(Stored entries)
__________

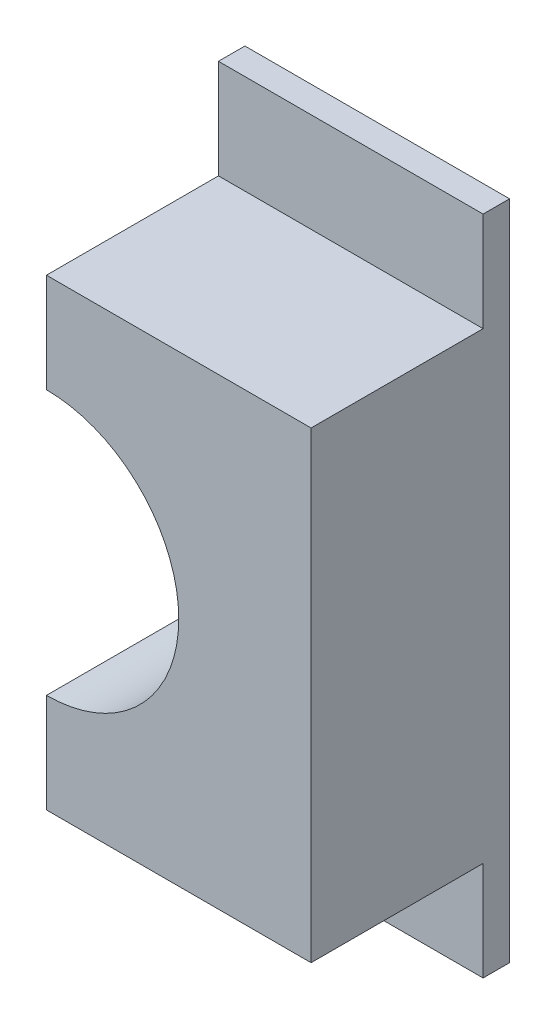
ISO-10303-21;
HEADER;
FILE_DESCRIPTION(('STEP AP214'),'2;1');
FILE_NAME('part.step','',(''),(''),'','','');
FILE_SCHEMA(('AUTOMOTIVE_DESIGN { 1 0 10303 214 1 1 1 1 }'));
ENDSEC;
DATA;
#1=APPLICATION_CONTEXT('core data for automotive mechanical design processes');
#2=APPLICATION_PROTOCOL_DEFINITION('international standard','automotive_design',2000,#1);
#3=PRODUCT_CONTEXT('',#1,'mechanical');
#4=PRODUCT('Part','Part','',(#3));
#5=PRODUCT_RELATED_PRODUCT_CATEGORY('part','',(#4));
#6=PRODUCT_DEFINITION_FORMATION('','',#4);
#7=PRODUCT_DEFINITION_CONTEXT('part definition',#1,'design');
#8=PRODUCT_DEFINITION('design','',#6,#7);
#9=PRODUCT_DEFINITION_SHAPE('','',#8);
#10=(LENGTH_UNIT() NAMED_UNIT(*) SI_UNIT(.MILLI.,.METRE.));
#11=(NAMED_UNIT(*) PLANE_ANGLE_UNIT() SI_UNIT($,.RADIAN.));
#12=(NAMED_UNIT(*) SI_UNIT($,.STERADIAN.) SOLID_ANGLE_UNIT());
#13=UNCERTAINTY_MEASURE_WITH_UNIT(LENGTH_MEASURE(1.E-05),#10,'distance_accuracy_value','');
#14=(GEOMETRIC_REPRESENTATION_CONTEXT(3) GLOBAL_UNCERTAINTY_ASSIGNED_CONTEXT((#13)) GLOBAL_UNIT_ASSIGNED_CONTEXT((#10,
#11,#12)) REPRESENTATION_CONTEXT('',''));
#15=CARTESIAN_POINT('',(0.,0.,0.));
#16=DIRECTION('',(0.,0.,1.));
#17=DIRECTION('',(1.,0.,0.));
#18=AXIS2_PLACEMENT_3D('',#15,#16,#17);
#19=CARTESIAN_POINT('',(-0.2,-0.5,0.04));
#20=DIRECTION('',(0.,0.,1.));
#21=DIRECTION('',(1.,0.,0.));
#22=AXIS2_PLACEMENT_3D('',#19,#20,#21);
#23=PLANE('',#22);
#24=DIRECTION('',(1.,0.,0.));
#25=VECTOR('',#24,1.);
#26=CARTESIAN_POINT('',(0.2,0.5,0.04));
#27=LINE('',#26,#25);
#28=CARTESIAN_POINT('',(0.2,0.5,0.04));
#29=VERTEX_POINT('',#28);
#30=CARTESIAN_POINT('',(-0.2,0.5,0.04));
#31=VERTEX_POINT('',#30);
#32=EDGE_CURVE('E157',#29,#31,#27,.F.);
#33=ORIENTED_EDGE('',*,*,#32,.T.);
#34=DIRECTION('',(0.,1.,0.));
#35=VECTOR('',#34,1.);
#36=CARTESIAN_POINT('',(-0.2,0.35,0.04));
#37=LINE('',#36,#35);
#38=CARTESIAN_POINT('',(-0.2,0.35,0.04));
#39=VERTEX_POINT('',#38);
#40=EDGE_CURVE('E147',#31,#39,#37,.F.);
#41=ORIENTED_EDGE('',*,*,#40,.T.);
#42=DIRECTION('',(1.,0.,0.));
#43=VECTOR('',#42,1.);
#44=CARTESIAN_POINT('',(0.2,0.35,0.04));
#45=LINE('',#44,#43);
#46=CARTESIAN_POINT('',(0.2,0.35,0.04));
#47=VERTEX_POINT('',#46);
#48=EDGE_CURVE('E81',#39,#47,#45,.T.);
#49=ORIENTED_EDGE('',*,*,#48,.T.);
#50=DIRECTION('',(0.,1.,0.));
#51=VECTOR('',#50,1.);
#52=CARTESIAN_POINT('',(0.2,-0.35,0.04));
#53=LINE('',#52,#51);
#54=EDGE_CURVE('E162',#47,#29,#53,.T.);
#55=ORIENTED_EDGE('',*,*,#54,.T.);
#56=EDGE_LOOP('',(#33,#41,#49,#55));
#57=FACE_BOUND('',#56,.T.);
#58=ADVANCED_FACE('F17',(#57),#23,.T.);
#59=CARTESIAN_POINT('',(0.2,0.35,0.3));
#60=DIRECTION('',(0.,-1.,0.));
#61=DIRECTION('',(0.,0.,-1.));
#62=AXIS2_PLACEMENT_3D('',#59,#60,#61);
#63=PLANE('',#62);
#64=ORIENTED_EDGE('',*,*,#48,.F.);
#65=DIRECTION('',(0.,0.,-1.));
#66=VECTOR('',#65,1.);
#67=CARTESIAN_POINT('',(-0.2,0.35,0.3));
#68=LINE('',#67,#66);
#69=CARTESIAN_POINT('',(-0.2,0.35,0.3));
#70=VERTEX_POINT('',#69);
#71=EDGE_CURVE('E139',#39,#70,#68,.F.);
#72=ORIENTED_EDGE('',*,*,#71,.T.);
#73=DIRECTION('',(1.,0.,0.));
#74=VECTOR('',#73,1.);
#75=CARTESIAN_POINT('',(-0.2,0.35,0.3));
#76=LINE('',#75,#74);
#77=CARTESIAN_POINT('',(0.2,0.35,0.3));
#78=VERTEX_POINT('',#77);
#79=EDGE_CURVE('E57',#78,#70,#76,.F.);
#80=ORIENTED_EDGE('',*,*,#79,.F.);
#81=DIRECTION('',(0.,0.,1.));
#82=VECTOR('',#81,1.);
#83=CARTESIAN_POINT('',(0.2,0.35,0.3));
#84=LINE('',#83,#82);
#85=EDGE_CURVE('E164',#78,#47,#84,.F.);
#86=ORIENTED_EDGE('',*,*,#85,.T.);
#87=EDGE_LOOP('',(#64,#72,#80,#86));
#88=FACE_BOUND('',#87,.T.);
#89=ADVANCED_FACE('F246',(#88),#63,.F.);
#90=CARTESIAN_POINT('',(-0.2,-0.35,0.3));
#91=DIRECTION('',(0.,1.,0.));
#92=DIRECTION('',(0.,0.,1.));
#93=AXIS2_PLACEMENT_3D('',#90,#91,#92);
#94=PLANE('',#93);
#95=DIRECTION('',(1.,0.,0.));
#96=VECTOR('',#95,1.);
#97=CARTESIAN_POINT('',(-0.2,-0.35,0.04));
#98=LINE('',#97,#96);
#99=CARTESIAN_POINT('',(0.2,-0.35,0.04));
#100=VERTEX_POINT('',#99);
#101=CARTESIAN_POINT('',(-0.2,-0.35,0.04));
#102=VERTEX_POINT('',#101);
#103=EDGE_CURVE('E124',#100,#102,#98,.F.);
#104=ORIENTED_EDGE('',*,*,#103,.F.);
#105=DIRECTION('',(0.,0.,1.));
#106=VECTOR('',#105,1.);
#107=CARTESIAN_POINT('',(0.2,-0.35,0.3));
#108=LINE('',#107,#106);
#109=CARTESIAN_POINT('',(0.2,-0.35,0.3));
#110=VERTEX_POINT('',#109);
#111=EDGE_CURVE('E169',#100,#110,#108,.T.);
#112=ORIENTED_EDGE('',*,*,#111,.T.);
#113=DIRECTION('',(1.,0.,0.));
#114=VECTOR('',#113,1.);
#115=CARTESIAN_POINT('',(-0.2,-0.35,0.3));
#116=LINE('',#115,#114);
#117=CARTESIAN_POINT('',(-0.2,-0.35,0.3));
#118=VERTEX_POINT('',#117);
#119=EDGE_CURVE('E134',#118,#110,#116,.T.);
#120=ORIENTED_EDGE('',*,*,#119,.F.);
#121=DIRECTION('',(0.,0.,-1.));
#122=VECTOR('',#121,1.);
#123=CARTESIAN_POINT('',(-0.2,-0.35,0.3));
#124=LINE('',#123,#122);
#125=EDGE_CURVE('E125',#118,#102,#124,.T.);
#126=ORIENTED_EDGE('',*,*,#125,.T.);
#127=EDGE_LOOP('',(#104,#112,#120,#126));
#128=FACE_BOUND('',#127,.T.);
#129=ADVANCED_FACE('F240',(#128),#94,.F.);
#130=CARTESIAN_POINT('',(-0.2,-0.5,0.04));
#131=DIRECTION('',(0.,0.,1.));
#132=DIRECTION('',(1.,0.,0.));
#133=AXIS2_PLACEMENT_3D('',#130,#131,#132);
#134=PLANE('',#133);
#135=DIRECTION('',(1.,0.,0.));
#136=VECTOR('',#135,1.);
#137=CARTESIAN_POINT('',(-0.2,-0.5,0.04));
#138=LINE('',#137,#136);
#139=CARTESIAN_POINT('',(-0.2,-0.5,0.04));
#140=VERTEX_POINT('',#139);
#141=CARTESIAN_POINT('',(0.2,-0.5,0.04));
#142=VERTEX_POINT('',#141);
#143=EDGE_CURVE('E88',#140,#142,#138,.T.);
#144=ORIENTED_EDGE('',*,*,#143,.T.);
#145=DIRECTION('',(0.,1.,0.));
#146=VECTOR('',#145,1.);
#147=CARTESIAN_POINT('',(0.2,-0.35,0.04));
#148=LINE('',#147,#146);
#149=EDGE_CURVE('E167',#142,#100,#148,.T.);
#150=ORIENTED_EDGE('',*,*,#149,.T.);
#151=ORIENTED_EDGE('',*,*,#103,.T.);
#152=DIRECTION('',(0.,1.,0.));
#153=VECTOR('',#152,1.);
#154=CARTESIAN_POINT('',(-0.2,0.35,0.04));
#155=LINE('',#154,#153);
#156=EDGE_CURVE('E120',#102,#140,#155,.F.);
#157=ORIENTED_EDGE('',*,*,#156,.T.);
#158=EDGE_LOOP('',(#144,#150,#151,#157));
#159=FACE_BOUND('',#158,.T.);
#160=ADVANCED_FACE('F123',(#159),#134,.T.);
#161=CARTESIAN_POINT('',(-0.2,-0.35,0.3));
#162=DIRECTION('',(0.,0.,1.));
#163=DIRECTION('',(1.,0.,0.));
#164=AXIS2_PLACEMENT_3D('',#161,#162,#163);
#165=PLANE('',#164);
#166=ORIENTED_EDGE('',*,*,#79,.T.);
#167=DIRECTION('',(0.,1.,0.));
#168=VECTOR('',#167,1.);
#169=CARTESIAN_POINT('',(-0.2,0.35,0.3));
#170=LINE('',#169,#168);
#171=CARTESIAN_POINT('',(-0.2,0.2,0.3));
#172=VERTEX_POINT('',#171);
#173=EDGE_CURVE('E48',#70,#172,#170,.F.);
#174=ORIENTED_EDGE('',*,*,#173,.T.);
#175=CARTESIAN_POINT('',(-0.2,0.,0.3));
#176=DIRECTION('',(0.,0.,1.));
#177=DIRECTION('',(1.,0.,0.));
#178=AXIS2_PLACEMENT_3D('',#175,#176,#177);
#179=CIRCLE('',#178,0.2);
#180=CARTESIAN_POINT('',(-0.2,-0.2,0.3));
#181=VERTEX_POINT('',#180);
#182=EDGE_CURVE('E20',#172,#181,#179,.F.);
#183=ORIENTED_EDGE('',*,*,#182,.T.);
#184=DIRECTION('',(0.,1.,0.));
#185=VECTOR('',#184,1.);
#186=CARTESIAN_POINT('',(-0.2,0.35,0.3));
#187=LINE('',#186,#185);
#188=EDGE_CURVE('E200',#181,#118,#187,.F.);
#189=ORIENTED_EDGE('',*,*,#188,.T.);
#190=ORIENTED_EDGE('',*,*,#119,.T.);
#191=DIRECTION('',(0.,1.,0.));
#192=VECTOR('',#191,1.);
#193=CARTESIAN_POINT('',(0.2,-0.35,0.3));
#194=LINE('',#193,#192);
#195=EDGE_CURVE('E116',#110,#78,#194,.T.);
#196=ORIENTED_EDGE('',*,*,#195,.T.);
#197=EDGE_LOOP('',(#166,#174,#183,#189,#190,#196));
#198=FACE_BOUND('',#197,.T.);
#199=ADVANCED_FACE('F234',(#198),#165,.T.);
#200=CARTESIAN_POINT('',(-0.2,-0.5,0.04));
#201=DIRECTION('',(0.,1.,0.));
#202=DIRECTION('',(0.,0.,1.));
#203=AXIS2_PLACEMENT_3D('',#200,#201,#202);
#204=PLANE('',#203);
#205=DIRECTION('',(0.,0.,1.));
#206=VECTOR('',#205,1.);
#207=CARTESIAN_POINT('',(0.2,-0.5,0.3));
#208=LINE('',#207,#206);
#209=CARTESIAN_POINT('',(0.2,-0.5,0.));
#210=VERTEX_POINT('',#209);
#211=EDGE_CURVE('E115',#210,#142,#208,.T.);
#212=ORIENTED_EDGE('',*,*,#211,.T.);
#213=ORIENTED_EDGE('',*,*,#143,.F.);
#214=DIRECTION('',(0.,0.,-1.));
#215=VECTOR('',#214,1.);
#216=CARTESIAN_POINT('',(-0.2,-0.5,0.3));
#217=LINE('',#216,#215);
#218=CARTESIAN_POINT('',(-0.2,-0.5,0.));
#219=VERTEX_POINT('',#218);
#220=EDGE_CURVE('E114',#140,#219,#217,.T.);
#221=ORIENTED_EDGE('',*,*,#220,.T.);
#222=DIRECTION('',(1.,0.,0.));
#223=VECTOR('',#222,1.);
#224=CARTESIAN_POINT('',(-0.2,-0.5,0.));
#225=LINE('',#224,#223);
#226=EDGE_CURVE('E107',#219,#210,#225,.T.);
#227=ORIENTED_EDGE('',*,*,#226,.T.);
#228=EDGE_LOOP('',(#212,#213,#221,#227));
#229=FACE_BOUND('',#228,.T.);
#230=ADVANCED_FACE('F113',(#229),#204,.F.);
#231=CARTESIAN_POINT('',(0.2,-0.35,0.3));
#232=DIRECTION('',(-1.,0.,0.));
#233=DIRECTION('',(0.,0.,1.));
#234=AXIS2_PLACEMENT_3D('',#231,#232,#233);
#235=PLANE('',#234);
#236=ORIENTED_EDGE('',*,*,#149,.F.);
#237=ORIENTED_EDGE('',*,*,#211,.F.);
#238=DIRECTION('',(0.,1.,0.));
#239=VECTOR('',#238,1.);
#240=CARTESIAN_POINT('',(0.2,-0.35,0.));
#241=LINE('',#240,#239);
#242=CARTESIAN_POINT('',(0.2,0.5,0.));
#243=VERTEX_POINT('',#242);
#244=EDGE_CURVE('E193',#210,#243,#241,.T.);
#245=ORIENTED_EDGE('',*,*,#244,.T.);
#246=DIRECTION('',(0.,0.,-1.));
#247=VECTOR('',#246,1.);
#248=CARTESIAN_POINT('',(0.2,0.5,0.04));
#249=LINE('',#248,#247);
#250=EDGE_CURVE('E159',#243,#29,#249,.F.);
#251=ORIENTED_EDGE('',*,*,#250,.T.);
#252=ORIENTED_EDGE('',*,*,#54,.F.);
#253=ORIENTED_EDGE('',*,*,#85,.F.);
#254=ORIENTED_EDGE('',*,*,#195,.F.);
#255=ORIENTED_EDGE('',*,*,#111,.F.);
#256=EDGE_LOOP('',(#236,#237,#245,#251,#252,#253,#254,#255));
#257=FACE_BOUND('',#256,.T.);
#258=ADVANCED_FACE('F239',(#257),#235,.F.);
#259=CARTESIAN_POINT('',(0.2,0.5,0.04));
#260=DIRECTION('',(0.,-1.,0.));
#261=DIRECTION('',(0.,0.,-1.));
#262=AXIS2_PLACEMENT_3D('',#259,#260,#261);
#263=PLANE('',#262);
#264=DIRECTION('',(0.,0.,-1.));
#265=VECTOR('',#264,1.);
#266=CARTESIAN_POINT('',(-0.2,0.5,0.3));
#267=LINE('',#266,#265);
#268=CARTESIAN_POINT('',(-0.2,0.5,0.));
#269=VERTEX_POINT('',#268);
#270=EDGE_CURVE('E154',#269,#31,#267,.F.);
#271=ORIENTED_EDGE('',*,*,#270,.T.);
#272=ORIENTED_EDGE('',*,*,#32,.F.);
#273=ORIENTED_EDGE('',*,*,#250,.F.);
#274=DIRECTION('',(1.,0.,0.));
#275=VECTOR('',#274,1.);
#276=CARTESIAN_POINT('',(-0.2,0.5,0.));
#277=LINE('',#276,#275);
#278=EDGE_CURVE('E187',#243,#269,#277,.F.);
#279=ORIENTED_EDGE('',*,*,#278,.T.);
#280=EDGE_LOOP('',(#271,#272,#273,#279));
#281=FACE_BOUND('',#280,.T.);
#282=ADVANCED_FACE('F266',(#281),#263,.F.);
#283=CARTESIAN_POINT('',(-0.2,0.35,0.3));
#284=DIRECTION('',(1.,0.,0.));
#285=DIRECTION('',(0.,0.,-1.));
#286=AXIS2_PLACEMENT_3D('',#283,#284,#285);
#287=PLANE('',#286);
#288=DIRECTION('',(0.,0.,1.));
#289=VECTOR('',#288,1.);
#290=CARTESIAN_POINT('',(-0.2,0.2,1.204159457879));
#291=LINE('',#290,#289);
#292=CARTESIAN_POINT('',(-0.2,0.2,0.));
#293=VERTEX_POINT('',#292);
#294=EDGE_CURVE('E138',#293,#172,#291,.T.);
#295=ORIENTED_EDGE('',*,*,#294,.T.);
#296=ORIENTED_EDGE('',*,*,#173,.F.);
#297=ORIENTED_EDGE('',*,*,#71,.F.);
#298=ORIENTED_EDGE('',*,*,#40,.F.);
#299=ORIENTED_EDGE('',*,*,#270,.F.);
#300=DIRECTION('',(0.,1.,0.));
#301=VECTOR('',#300,1.);
#302=CARTESIAN_POINT('',(-0.2,-0.35,0.));
#303=LINE('',#302,#301);
#304=EDGE_CURVE('E183',#269,#293,#303,.F.);
#305=ORIENTED_EDGE('',*,*,#304,.T.);
#306=EDGE_LOOP('',(#295,#296,#297,#298,#299,#305));
#307=FACE_BOUND('',#306,.T.);
#308=ADVANCED_FACE('F242',(#307),#287,.F.);
#309=CARTESIAN_POINT('',(-0.2,0.,1.204159457879));
#310=DIRECTION('',(0.,0.,1.));
#311=DIRECTION('',(1.,0.,0.));
#312=AXIS2_PLACEMENT_3D('',#309,#310,#311);
#313=CYLINDRICAL_SURFACE('',#312,0.2);
#314=ORIENTED_EDGE('',*,*,#294,.F.);
#315=CARTESIAN_POINT('',(-0.2,0.,0.));
#316=DIRECTION('',(0.,0.,1.));
#317=DIRECTION('',(1.,0.,0.));
#318=AXIS2_PLACEMENT_3D('',#315,#316,#317);
#319=CIRCLE('',#318,0.2);
#320=CARTESIAN_POINT('',(-0.2,-0.2,0.));
#321=VERTEX_POINT('',#320);
#322=EDGE_CURVE('E26',#293,#321,#319,.F.);
#323=ORIENTED_EDGE('',*,*,#322,.T.);
#324=DIRECTION('',(0.,0.,-1.));
#325=VECTOR('',#324,1.);
#326=CARTESIAN_POINT('',(-0.2,-0.2,0.3));
#327=LINE('',#326,#325);
#328=EDGE_CURVE('E34',#321,#181,#327,.F.);
#329=ORIENTED_EDGE('',*,*,#328,.T.);
#330=ORIENTED_EDGE('',*,*,#182,.F.);
#331=EDGE_LOOP('',(#314,#323,#329,#330));
#332=FACE_BOUND('',#331,.T.);
#333=ADVANCED_FACE('F241',(#332),#313,.F.);
#334=CARTESIAN_POINT('',(-0.2,0.35,0.3));
#335=DIRECTION('',(1.,0.,0.));
#336=DIRECTION('',(0.,0.,-1.));
#337=AXIS2_PLACEMENT_3D('',#334,#335,#336);
#338=PLANE('',#337);
#339=ORIENTED_EDGE('',*,*,#328,.F.);
#340=DIRECTION('',(0.,1.,0.));
#341=VECTOR('',#340,1.);
#342=CARTESIAN_POINT('',(-0.2,-0.35,0.));
#343=LINE('',#342,#341);
#344=EDGE_CURVE('E11',#321,#219,#343,.F.);
#345=ORIENTED_EDGE('',*,*,#344,.T.);
#346=ORIENTED_EDGE('',*,*,#220,.F.);
#347=ORIENTED_EDGE('',*,*,#156,.F.);
#348=ORIENTED_EDGE('',*,*,#125,.F.);
#349=ORIENTED_EDGE('',*,*,#188,.F.);
#350=EDGE_LOOP('',(#339,#345,#346,#347,#348,#349));
#351=FACE_BOUND('',#350,.T.);
#352=ADVANCED_FACE('F119',(#351),#338,.F.);
#353=CARTESIAN_POINT('',(-0.2,-0.35,0.));
#354=DIRECTION('',(0.,0.,1.));
#355=DIRECTION('',(1.,0.,0.));
#356=AXIS2_PLACEMENT_3D('',#353,#354,#355);
#357=PLANE('',#356);
#358=ORIENTED_EDGE('',*,*,#322,.F.);
#359=ORIENTED_EDGE('',*,*,#304,.F.);
#360=ORIENTED_EDGE('',*,*,#278,.F.);
#361=ORIENTED_EDGE('',*,*,#244,.F.);
#362=ORIENTED_EDGE('',*,*,#226,.F.);
#363=ORIENTED_EDGE('',*,*,#344,.F.);
#364=EDGE_LOOP('',(#358,#359,#360,#361,#362,#363));
#365=FACE_BOUND('',#364,.T.);
#366=ADVANCED_FACE('F254',(#365),#357,.F.);
#367=CLOSED_SHELL('',(#58,#89,#129,#160,#199,#230,#258,#282,#308,#333,#352,#366));
#368=MANIFOLD_SOLID_BREP('B1',#367);
#369=ADVANCED_BREP_SHAPE_REPRESENTATION('',(#18,#368),#14);
#370=SHAPE_DEFINITION_REPRESENTATION(#9,#369);
ENDSEC;
END-ISO-10303-21;

__________

Look above for the line containing "#302=CARTESIAN_POINT('',(-0.2,-0.35,0.));" and the line containing "#358=ORIENTED_EDGE('',*,*,#322,.F.);". Transcribe both, with the lines between them, exactly.

__Exercise response__
#302=CARTESIAN_POINT('',(-0.2,-0.35,0.));
#303=LINE('',#302,#301);
#304=EDGE_CURVE('E183',#269,#293,#303,.F.);
#305=ORIENTED_EDGE('',*,*,#304,.T.);
#306=EDGE_LOOP('',(#295,#296,#297,#298,#299,#305));
#307=FACE_BOUND('',#306,.T.);
#308=ADVANCED_FACE('F242',(#307),#287,.F.);
#309=CARTESIAN_POINT('',(-0.2,0.,1.204159457879));
#310=DIRECTION('',(0.,0.,1.));
#311=DIRECTION('',(1.,0.,0.));
#312=AXIS2_PLACEMENT_3D('',#309,#310,#311);
#313=CYLINDRICAL_SURFACE('',#312,0.2);
#314=ORIENTED_EDGE('',*,*,#294,.F.);
#315=CARTESIAN_POINT('',(-0.2,0.,0.));
#316=DIRECTION('',(0.,0.,1.));
#317=DIRECTION('',(1.,0.,0.));
#318=AXIS2_PLACEMENT_3D('',#315,#316,#317);
#319=CIRCLE('',#318,0.2);
#320=CARTESIAN_POINT('',(-0.2,-0.2,0.));
#321=VERTEX_POINT('',#320);
#322=EDGE_CURVE('E26',#293,#321,#319,.F.);
#323=ORIENTED_EDGE('',*,*,#322,.T.);
#324=DIRECTION('',(0.,0.,-1.));
#325=VECTOR('',#324,1.);
#326=CARTESIAN_POINT('',(-0.2,-0.2,0.3));
#327=LINE('',#326,#325);
#328=EDGE_CURVE('E34',#321,#181,#327,.F.);
#329=ORIENTED_EDGE('',*,*,#328,.T.);
#330=ORIENTED_EDGE('',*,*,#182,.F.);
#331=EDGE_LOOP('',(#314,#323,#329,#330));
#332=FACE_BOUND('',#331,.T.);
#333=ADVANCED_FACE('F241',(#332),#313,.F.);
#334=CARTESIAN_POINT('',(-0.2,0.35,0.3));
#335=DIRECTION('',(1.,0.,0.));
#336=DIRECTION('',(0.,0.,-1.));
#337=AXIS2_PLACEMENT_3D('',#334,#335,#336);
#338=PLANE('',#337);
#339=ORIENTED_EDGE('',*,*,#328,.F.);
#340=DIRECTION('',(0.,1.,0.));
#341=VECTOR('',#340,1.);
#342=CARTESIAN_POINT('',(-0.2,-0.35,0.));
#343=LINE('',#342,#341);
#344=EDGE_CURVE('E11',#321,#219,#343,.F.);
#345=ORIENTED_EDGE('',*,*,#344,.T.);
#346=ORIENTED_EDGE('',*,*,#220,.F.);
#347=ORIENTED_EDGE('',*,*,#156,.F.);
#348=ORIENTED_EDGE('',*,*,#125,.F.);
#349=ORIENTED_EDGE('',*,*,#188,.F.);
#350=EDGE_LOOP('',(#339,#345,#346,#347,#348,#349));
#351=FACE_BOUND('',#350,.T.);
#352=ADVANCED_FACE('F119',(#351),#338,.F.);
#353=CARTESIAN_POINT('',(-0.2,-0.35,0.));
#354=DIRECTION('',(0.,0.,1.));
#355=DIRECTION('',(1.,0.,0.));
#356=AXIS2_PLACEMENT_3D('',#353,#354,#355);
#357=PLANE('',#356);
#358=ORIENTED_EDGE('',*,*,#322,.F.);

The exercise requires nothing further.